Refus d’un permis de construire du fait des risques d’incendie.

Par Alexandre Chevallier, Avocat.

14378 lectures 1re Parution: Modifié: 1 commentaire 4.93  /5

Explorer : # risques d'incendie # permis de construire # sécurité publique # urbanisme

L’arrêt du Conseil d’État du 26 juin 2019, publié au recueil Lebon, est venu affirmer le principe selon lequel, le refus de permis de construire portant sur une demande d’autorisation de construire un ouvrage de nature à entraîner une atteinte à la salubrité ou la sécurité publique, est légal dès lors qu’il est impossible légalement d’accorder ledit permis en l’assortissant de prescriptions spéciales.

-

Cette décisions du Conseil d’Etat du 26 juin 2019 apporte deux conditions cumulatives pour que l’autorité compétente pour délivrer les autorisations d’urbanisme puisse légalement refuser cette autorisation. (Conseil d’Etat, 26 juin 2019, n°412429, publié au recueil Lebon).

La première condition concerne la situation et la nature du projet qui est susceptible de porter une atteinte à la salubrité ou la sécurité publique.

La seconde condition concerne la régularisation de cette atteinte à la salubrité ou la sécurité publique.

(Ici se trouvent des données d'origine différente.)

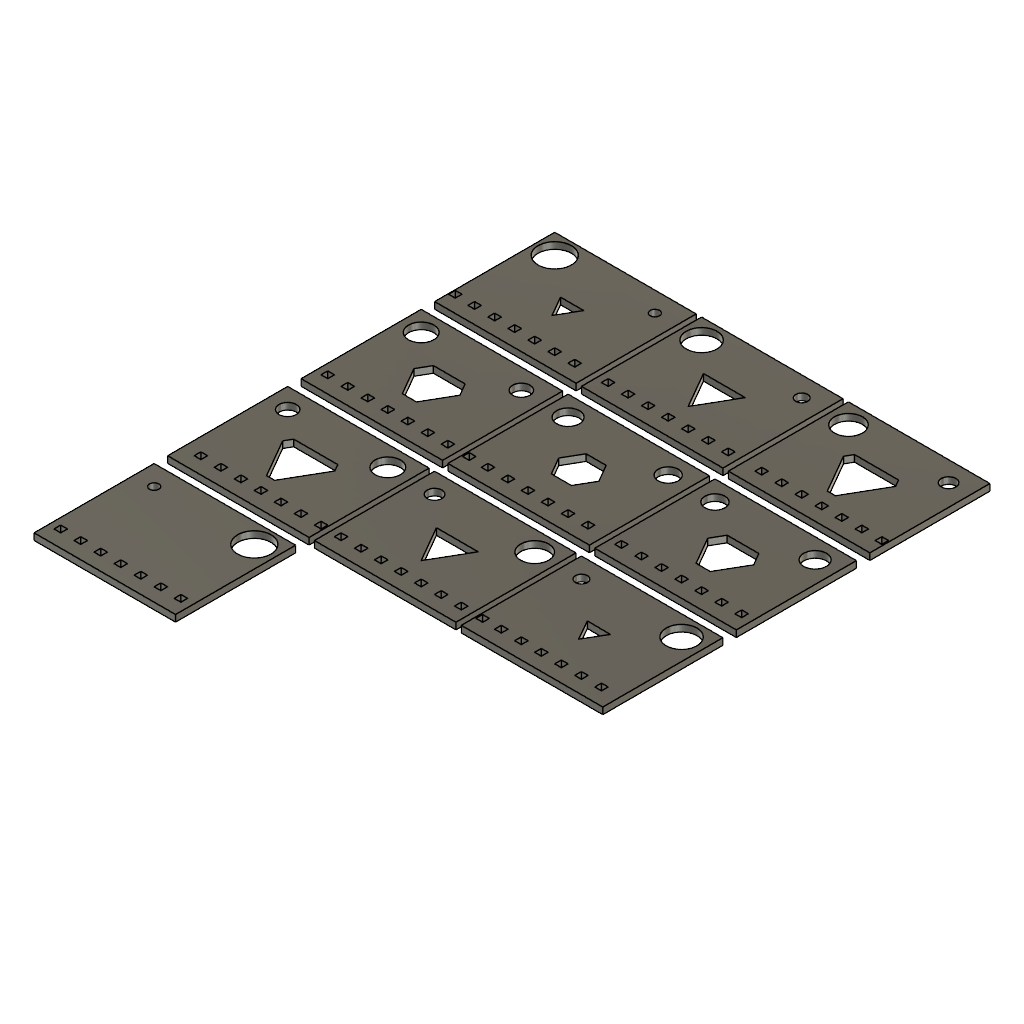
Acrylic Pieces NEW (Autodesk Fusion 360 design; units mm, degrees)
Autodesk Fusion 360 part; units mm, degrees
sketch "Sketch1" plane through (0, 0, 0) normal (0, 0, 1) x (1, 0, 0)
  line L0 (0, 0) -> (106, 0)
  line L1 (106, 0) -> (106, 90)
  line L2 (106, 90) -> (0, 90)
  line L3 (0, 90) -> (0, 0)
  line L4 (0, 0) -> (0, 10) construction
  line L5 (0, 10) -> (106, 10) construction
  line L6 (0, 45) -> (106, 45) construction
  line L7 (53, 90) -> (53, 0) construction
  line L8 (0, 15) -> (0, 10)
  line L9 (15, 10) -> (20, 10)
  line L10 (20, 10) -> (20, 15)
  line L11 (20, 15) -> (15, 15)
  line L12 (15, 15) -> (15, 10)
  line L13 (30, 10) -> (35, 10)
  line L14 (35, 10) -> (35, 15)
  line L15 (35, 15) -> (30, 15)
  line L16 (30, 15) -> (30, 10)
  line L17 (45, 10) -> (50, 10)
  line L18 (50, 10) -> (50, 15)
  line L19 (50, 15) -> (45, 15)
  line L20 (45, 15) -> (45, 10)
  line L21 (60, 10) -> (65, 10)
  line L22 (65, 10) -> (65, 15)
  line L23 (65, 15) -> (60, 15)
  line L24 (60, 15) -> (60, 10)
  line L25 (75, 10) -> (80, 10)
  line L26 (80, 10) -> (80, 15)
  line L27 (80, 15) -> (75, 15)
  line L28 (75, 15) -> (75, 10)
  line L29 (90, 10) -> (95, 10)
  line L30 (95, 10) -> (95, 15)
  line L31 (95, 15) -> (90, 15)
  line L32 (90, 15) -> (90, 10)
  circle A0 centre (15, 75) radius 12.5
  circle A1 centre (90, 75) radius 3.5
  line L33 (106, 90) -> (106, 0)
  line L34 (106, 0) -> (106, 10) construction
  line L35 (106, 15) -> (106, 10)
  line L36 (110, 45) -> (216, 45) construction
  line L37 (110, 0) -> (216, 0)
  line L38 (216, 90) -> (216, 0)
  circle A2 centre (200, 75) radius 4.5
  circle A3 centre (125, 75) radius 11.5
  line L39 (216, 90) -> (110, 90)
  line L40 (110, 6.9814) -> (216, 6.9814) construction
  line L41 (110, 0) -> (110, 6.9814) construction
  line L42 (216, 15) -> (216, 10)
  line L43 (163, 90) -> (163, 0) construction
  line L44 (216, 0) -> (216, 10) construction
  line L45 (110, 15) -> (110, 6.9814)
  line L46 (216, 0) -> (216, 90)
  line L47 (110, 90) -> (110, 0)
  line L48 (220, 10) -> (326, 10) construction
  line L49 (220, 0) -> (220, 10) construction
  line L50 (220, 15) -> (220, 10)
  line L51 (326, 15) -> (326, 10)
  line L52 (326, 0) -> (326, 10) construction
  line L53 (326, 0) -> (326, 90)
  line L54 (326, 90) -> (326, 0)
  line L55 (326, 90) -> (220, 90)
  circle A4 centre (310, 75) radius 5.5
  line L56 (220, 90) -> (220, 0)
  line L57 (273, 90) -> (273, 0) construction
  line L58 (220, 45) -> (326, 45) construction
  line L59 (220, 0) -> (326, 0)
  circle A5 centre (235, 75) radius 10.5
  line L60 (230, 10) -> (235, 10)
  line L61 (235, 10) -> (235, 15)
  line L62 (235, 15) -> (230, 15)
  line L63 (230, 15) -> (230, 10)
  line L64 (245, 10) -> (250, 10)
  line L65 (250, 10) -> (250, 15)
  line L66 (250, 15) -> (245, 15)
  line L67 (245, 15) -> (245, 10)
  line L68 (260, 10) -> (265, 10)
  line L69 (265, 10) -> (265, 15)
  line L70 (265, 15) -> (260, 15)
  line L71 (260, 15) -> (260, 10)
  line L72 (275, 10) -> (280, 10)
  line L73 (280, 10) -> (280, 15)
  line L74 (280, 15) -> (275, 15)
  line L75 (275, 15) -> (275, 10)
  line L76 (290, 10) -> (295, 10)
  line L77 (295, 10) -> (295, 15)
  line L78 (295, 15) -> (290, 15)
  line L79 (290, 15) -> (290, 10)
  line L80 (305, 10) -> (310, 10)
  line L81 (310, 10) -> (310, 15)
  line L82 (310, 15) -> (305, 15)
  line L83 (305, 15) -> (305, 10)
  line L84 (320, 10) -> (325, 10)
  line L85 (325, 10) -> (325, 15)
  line L86 (325, 15) -> (320, 15)
  line L87 (320, 15) -> (320, 10)
  line L88 (220, -100) -> (220, -90) construction
  line L89 (326, -100) -> (326, -90) construction
  line L90 (220, -85) -> (220, -90)
  line L91 (326, -85) -> (326, -90)
  line L92 (220, -100) -> (326, -100)
  line L93 (53, -10) -> (53, -100) construction
  line L94 (163, -10) -> (163, -100) construction
  circle A6 centre (125, -25) radius 8.5
  line L95 (0, -85) -> (0, -90)
  line L96 (110, -93.0186) -> (216, -93.0186) construction
  line L97 (0, -90) -> (106, -90) construction
  circle A7 centre (15, -25) radius 9.5
  line L98 (0, -100) -> (0, -90) construction
  line L99 (220, -90) -> (326, -90) construction
  line L100 (216, -100) -> (216, -90) construction
  line L101 (110, -85) -> (110, -93.0186)
  line L102 (106, -100) -> (106, -90) construction
  line L103 (326, -10) -> (220, -10)
  line L104 (106, -100) -> (106, -10)
  line L105 (273, -10) -> (273, -100) construction
  line L106 (110, -10) -> (110, -100)
  circle A8 centre (310, -25) radius 8.5
  line L107 (326, -10) -> (326, -100)
  line L108 (110, -100) -> (216, -100)
  line L109 (0, -100) -> (106, -100)
  line L110 (220, -10) -> (220, -100)
  line L111 (110, -55) -> (216, -55) construction
  circle A9 centre (235, -25) radius 7.5
  line L112 (216, -10) -> (216, -100)
  circle A10 centre (200, -25) radius 7.5
  line L113 (216, -85) -> (216, -90)
  line L114 (110, -100) -> (110, -93.0186) construction
  line L115 (106, -85) -> (106, -90)
  line L116 (106, -10) -> (106, -100)
  line L117 (0, -55) -> (106, -55) construction
  line L118 (216, -100) -> (216, -10)
  line L119 (216, -10) -> (110, -10)
  circle A11 centre (90, -25) radius 6.5
  line L120 (106, -10) -> (0, -10)
  line L121 (220, -55) -> (326, -55) construction
  line L122 (0, -10) -> (0, -100)
  line L123 (326, -100) -> (326, -10)
  circle A12 centre (235, -125) radius 4.5
  line L124 (220, -110) -> (220, -200)
  line L125 (0, -200) -> (0, -190) construction
  line L126 (0, -200) -> (106, -200)
  line L127 (106, -110) -> (0, -110)
  line L128 (110, -193.0186) -> (216, -193.0186) construction
  line L129 (110, -155) -> (216, -155) construction
  line L130 (0, -190) -> (106, -190) construction
  line L131 (0, -155) -> (106, -155) construction
  circle A13 centre (125, -125) radius 5.5
  line L132 (216, -110) -> (110, -110)
  line L133 (220, -200) -> (220, -190) construction
  line L134 (106, -200) -> (106, -190) construction
  line L135 (110, -110) -> (110, -200)
  line L136 (220, -155) -> (326, -155) construction
  line L137 (326, -110) -> (220, -110)
  line L138 (106, -185) -> (106, -190)
  line L139 (216, -200) -> (216, -190) construction
  circle A14 centre (200, -125) radius 10.5
  line L140 (106, -110) -> (106, -200)
  line L141 (326, -185) -> (326, -190)
  line L142 (326, -110) -> (326, -200)
  line L143 (106, -200) -> (106, -110)
  line L144 (326, -200) -> (326, -190) construction
  line L145 (216, -110) -> (216, -200)
  line L146 (110, -200) -> (110, -193.0186) construction
  line L147 (273, -110) -> (273, -200) construction
  line L148 (326, -200) -> (326, -110)
  line L149 (110, -185) -> (110, -193.0186)
  line L150 (216, -185) -> (216, -190)
  line L151 (216, -200) -> (216, -110)
  line L152 (163, -110) -> (163, -200) construction
  line L153 (110, -200) -> (216, -200)
  line L154 (0, -185) -> (0, -190)
  line L155 (53, -110) -> (53, -200) construction
  line L156 (220, -185) -> (220, -190)
  circle A15 centre (90, -125) radius 9.5
  line L157 (0, -110) -> (0, -200)
  circle A16 centre (310, -125) radius 11.5
  circle A17 centre (15, -125) radius 6.5
  line L158 (220, -190) -> (326, -190) construction
  line L159 (220, -200) -> (326, -200)
  circle A18 centre (90, -225) radius 12.5
  line L160 (106, -300) -> (106, -290) construction
  line L161 (0, -290) -> (106, -290) construction
  line L162 (0, -255) -> (106, -255) construction
  line L163 (0, -300) -> (106, -300)
  line L164 (106, -210) -> (0, -210)
  line L165 (106, -285) -> (106, -290)
  line L166 (53, -210) -> (53, -300) construction
  line L167 (106, -300) -> (106, -210)
  line L168 (0, -210) -> (0, -300)
  line L169 (106, -210) -> (106, -300)
  line L170 (0, -285) -> (0, -290)
  line L171 (0, -300) -> (0, -290) construction
  circle A19 centre (15, -225) radius 3.5
  line L172 (44.3397, 50) -> (53, 35)
  line L173 (53, 35) -> (61.6603, 50)
  line L174 (61.6603, 50) -> (44.3397, 50)
  line L175 (147.4115, 54) -> (163, 27)
  line L176 (163, 27) -> (178.5885, 54)
  line L177 (178.5885, 54) -> (147.4115, 54)
  line L178 (250.4833, 58) -> (273, 19)
  line L179 (273, 19) -> (295.5167, 58)
  line L180 (295.5167, 58) -> (250.4833, 58)
  line L181 (292.5083, 52.7894) -> (289.5, 58)
  line L182 (292.5083, 52.7894) -> (298.3979, 52.7894) construction
  line L183 (256.5, 58) -> (253.4917, 52.7894)
  line L184 (269.9917, 24.2106) -> (276.0083, 24.2106)
  line L185 (292.5083, 52.7894) -> (289.5, 58)
  line L186 (273, 19) -> (295.5167, 58)
  line L187 (269.9917, 24.2106) -> (276.0083, 24.2106)
  line L188 (256.5, 58) -> (253.4917, 52.7894)
  line L189 (250.4833, 58) -> (273, 19)
  line L190 (295.5167, 58) -> (250.4833, 58)
  line L191 (30.4833, -42) -> (53, -81)
  line L192 (53, -81) -> (75.5167, -42)
  line L193 (75.5167, -42) -> (30.4833, -42)
  line L194 (64.8908, -42) -> (70.2037, -51.2023)
  line L195 (64.8908, -42) -> (75.5167, -42) construction
  line L196 (35.7963, -51.2023) -> (41.1092, -42)
  line L197 (58.3129, -71.7977) -> (47.6871, -71.7977)
  line L198 (155.4944, -42) -> (147.9889, -55)
  line L199 (147.9889, -55) -> (155.4944, -68)
  line L200 (155.4944, -68) -> (170.5056, -68)
  line L201 (170.5056, -68) -> (178.0111, -55)
  line L202 (178.0111, -55) -> (170.5056, -42)
  line L203 (170.5056, -42) -> (155.4944, -42)
  line L204 (273, -81) -> (295.5167, -42)
  line L205 (255.7963, -51.2023) -> (261.1092, -42)
  line L206 (284.8908, -42) -> (295.5167, -42) construction
  line L207 (295.5167, -42) -> (250.4833, -42)
  line L208 (278.3129, -71.7977) -> (267.6871, -71.7977)
  line L209 (284.8908, -42) -> (290.2037, -51.2023)
  line L210 (250.4833, -42) -> (273, -81)
  line L211 (36.5, -142) -> (33.4917, -147.2106)
  line L212 (53, -181) -> (75.5167, -142)
  line L213 (30.4833, -142) -> (53, -181)
  line L214 (53, -181) -> (75.5167, -142)
  line L215 (30.4833, -142) -> (53, -181)
  line L216 (72.5083, -147.2106) -> (69.5, -142)
  line L217 (49.9917, -175.7894) -> (56.0083, -175.7894)
  line L218 (49.9917, -175.7894) -> (56.0083, -175.7894)
  line L219 (36.5, -142) -> (33.4917, -147.2106)
  line L220 (75.5167, -142) -> (30.4833, -142)
  line L221 (72.5083, -147.2106) -> (69.5, -142)
  line L222 (75.5167, -142) -> (30.4833, -142)
  line L223 (72.5083, -147.2106) -> (78.3979, -147.2106) construction
  line L224 (147.4115, -146) -> (163, -173)
  line L225 (163, -173) -> (178.5885, -146)
  line L226 (178.5885, -146) -> (147.4115, -146)
  line L227 (264.3938, -149.9074) -> (272.8928, -164.9994)
  line L228 (272.8928, -164.9994) -> (281.7134, -150.0931)
  line L229 (281.7134, -150.0931) -> (264.3938, -149.9074)
  line L230 (5, -90) -> (10, -90)
  line L231 (10, -90) -> (10, -85)
  line L232 (10, -85) -> (5, -85)
  line L233 (5, -85) -> (5, -90)
  line L234 (20, -90) -> (25, -90)
  line L235 (25, -90) -> (25, -85)
  line L236 (25, -85) -> (20, -85)
  line L237 (20, -85) -> (20, -90)
  line L238 (35, -90) -> (40, -90)
  line L239 (40, -90) -> (40, -85)
  line L240 (40, -85) -> (35, -85)
  line L241 (35, -85) -> (35, -90)
  line L242 (50, -90) -> (55, -90)
  line L243 (55, -90) -> (55, -85)
  line L244 (55, -85) -> (50, -85)
  line L245 (50, -85) -> (50, -90)
  line L246 (65, -90) -> (70, -90)
  line L247 (70, -90) -> (70, -85)
  line L248 (70, -85) -> (65, -85)
  line L249 (65, -85) -> (65, -90)
  line L250 (80, -90) -> (85, -90)
  line L251 (85, -90) -> (85, -85)
  line L252 (85, -85) -> (80, -85)
  line L253 (80, -85) -> (80, -90)
  line L254 (95, -90) -> (100, -90)
  line L255 (100, -90) -> (100, -85)
  line L256 (100, -85) -> (95, -85)
  line L257 (95, -85) -> (95, -90)
  line L258 (115, 10) -> (120, 10)
  line L259 (120, 10) -> (120, 15)
  line L260 (120, 15) -> (115, 15)
  line L261 (115, 15) -> (115, 10)
  line L262 (130, 10) -> (135, 10)
  line L263 (135, 10) -> (135, 15)
  line L264 (135, 15) -> (130, 15)
  line L265 (130, 15) -> (130, 10)
  line L266 (145, 10) -> (150, 10)
  line L267 (150, 10) -> (150, 15)
  line L268 (150, 15) -> (145, 15)
  line L269 (145, 15) -> (145, 10)
  line L270 (160, 10) -> (165, 10)
  line L271 (165, 10) -> (165, 15)
  line L272 (165, 15) -> (160, 15)
  line L273 (160, 15) -> (160, 10)
  line L274 (175, 10) -> (180, 10)
  line L275 (180, 10) -> (180, 15)
  line L276 (180, 15) -> (175, 15)
  line L277 (175, 15) -> (175, 10)
  line L278 (190, 10) -> (195, 10)
  line L279 (195, 10) -> (195, 15)
  line L280 (195, 15) -> (190, 15)
  line L281 (190, 15) -> (190, 10)
  line L282 (205, 10) -> (210, 10)
  line L283 (210, 10) -> (210, 15)
  line L284 (210, 15) -> (205, 15)
  line L285 (205, 15) -> (205, 10)
  line L286 (110, -90) -> (110, -85)
  line L287 (125, -85) -> (130, -85)
  line L288 (130, -85) -> (130, -90)
  line L289 (130, -90) -> (125, -90)
  line L290 (125, -90) -> (125, -85)
  line L291 (140, -85) -> (145, -85)
  line L292 (145, -85) -> (145, -90)
  line L293 (145, -90) -> (140, -90)
  line L294 (140, -90) -> (140, -85)
  line L295 (155, -85) -> (160, -85)
  line L296 (160, -85) -> (160, -90)
  line L297 (160, -90) -> (155, -90)
  line L298 (155, -90) -> (155, -85)
  line L299 (170, -85) -> (175, -85)
  line L300 (175, -85) -> (175, -90)
  line L301 (175, -90) -> (170, -90)
  line L302 (170, -90) -> (170, -85)
  line L303 (185, -85) -> (190, -85)
  line L304 (190, -85) -> (190, -90)
  line L305 (190, -90) -> (185, -90)
  line L306 (185, -90) -> (185, -85)
  line L307 (200, -85) -> (205, -85)
  line L308 (205, -85) -> (205, -90)
  line L309 (205, -90) -> (200, -90)
  line L310 (200, -90) -> (200, -85)
  line L311 (225, -90) -> (230, -90)
  line L312 (230, -90) -> (230, -85)
  line L313 (230, -85) -> (225, -85)
  line L314 (225, -85) -> (225, -90)
  line L315 (240, -90) -> (245, -90)
  line L316 (245, -90) -> (245, -85)
  line L317 (245, -85) -> (240, -85)
  line L318 (240, -85) -> (240, -90)
  line L319 (255, -90) -> (260, -90)
  line L320 (260, -90) -> (260, -85)
  line L321 (260, -85) -> (255, -85)
  line L322 (255, -85) -> (255, -90)
  line L323 (270, -90) -> (275, -90)
  line L324 (275, -90) -> (275, -85)
  line L325 (275, -85) -> (270, -85)
  line L326 (270, -85) -> (270, -90)
  line L327 (285, -90) -> (290, -90)
  line L328 (290, -90) -> (290, -85)
  line L329 (290, -85) -> (285, -85)
  line L330 (285, -85) -> (285, -90)
  line L331 (300, -90) -> (305, -90)
  line L332 (305, -90) -> (305, -85)
  line L333 (305, -85) -> (300, -85)
  line L334 (300, -85) -> (300, -90)
  line L335 (315, -90) -> (320, -90)
  line L336 (320, -90) -> (320, -85)
  line L337 (320, -85) -> (315, -85)
  line L338 (315, -85) -> (315, -90)
  line L339 (10, -190) -> (15, -190)
  line L340 (15, -190) -> (15, -185)
  line L341 (15, -185) -> (10, -185)
  line L342 (10, -185) -> (10, -190)
  line L343 (25, -190) -> (30, -190)
  line L344 (30, -190) -> (30, -185)
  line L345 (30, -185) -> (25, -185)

Cette régularisation ne doit pas être possible même par l’édiction de prescriptions spéciales au permis de construire.

Aussi, cette deuxième condition sera également remplie bien qu’il soit possible de répondre de cette atteinte à la salubrité ou à la sécurité publique par l’édiction de prescriptions spéciales, ces prescriptions apportant au projet des modifications substantielles, nécessitant ainsi la présentation d’une nouvelle demande de permis de construire.

Les faits de l’espèce en question étaient les suivants.

Le maire de Tanneron a refusé de délivrer un permis de construire au requérant pour une maison d’habitation et une piscine du fait de l’existence d’un risque d’incendie de forêt important dans cette zone.

Le maire s’est appuyé à cette occasion sur l’avis défavorable du service d’incendie et de secours pour le projet de construction.

L’affaire a été portée devant le tribunal administratif de Toulon, lequel a rejeté la demande d’annulation par le requérant du refus de permis de construire. La décision de la Cour administrative d’appel de Marseille est ensuite venue confirmer ce jugement.

En conséquence, le requérant a décidé de former un pourvoi en cassation devant le Conseil d’État en invoquant les dispositions de l’article R. 111-2 du code de l’urbanisme :

"Le projet peut être refusé ou n’être accepté que sous réserve de l’observation de prescriptions spéciales s’il est de nature à porter atteinte à la salubrité ou à la sécurité publique du fait de sa situation, de ses caractéristiques, de son importance ou de son implantation à proximité d’autres installations".

Il soutient que le permis de construire aurait dû lui être délivré compte tenu des aménagements envisageables comme la réalisation de réserves de stockage d’eau ou encore la mise en place d’un dispositif d’arrosage aux fins de réductions des risques d’incendie de forêt.

Néanmoins, aucun des aménagements proposés n’a été de nature à convaincre le Conseil d’État de l’illégalité du refus de permis de construire.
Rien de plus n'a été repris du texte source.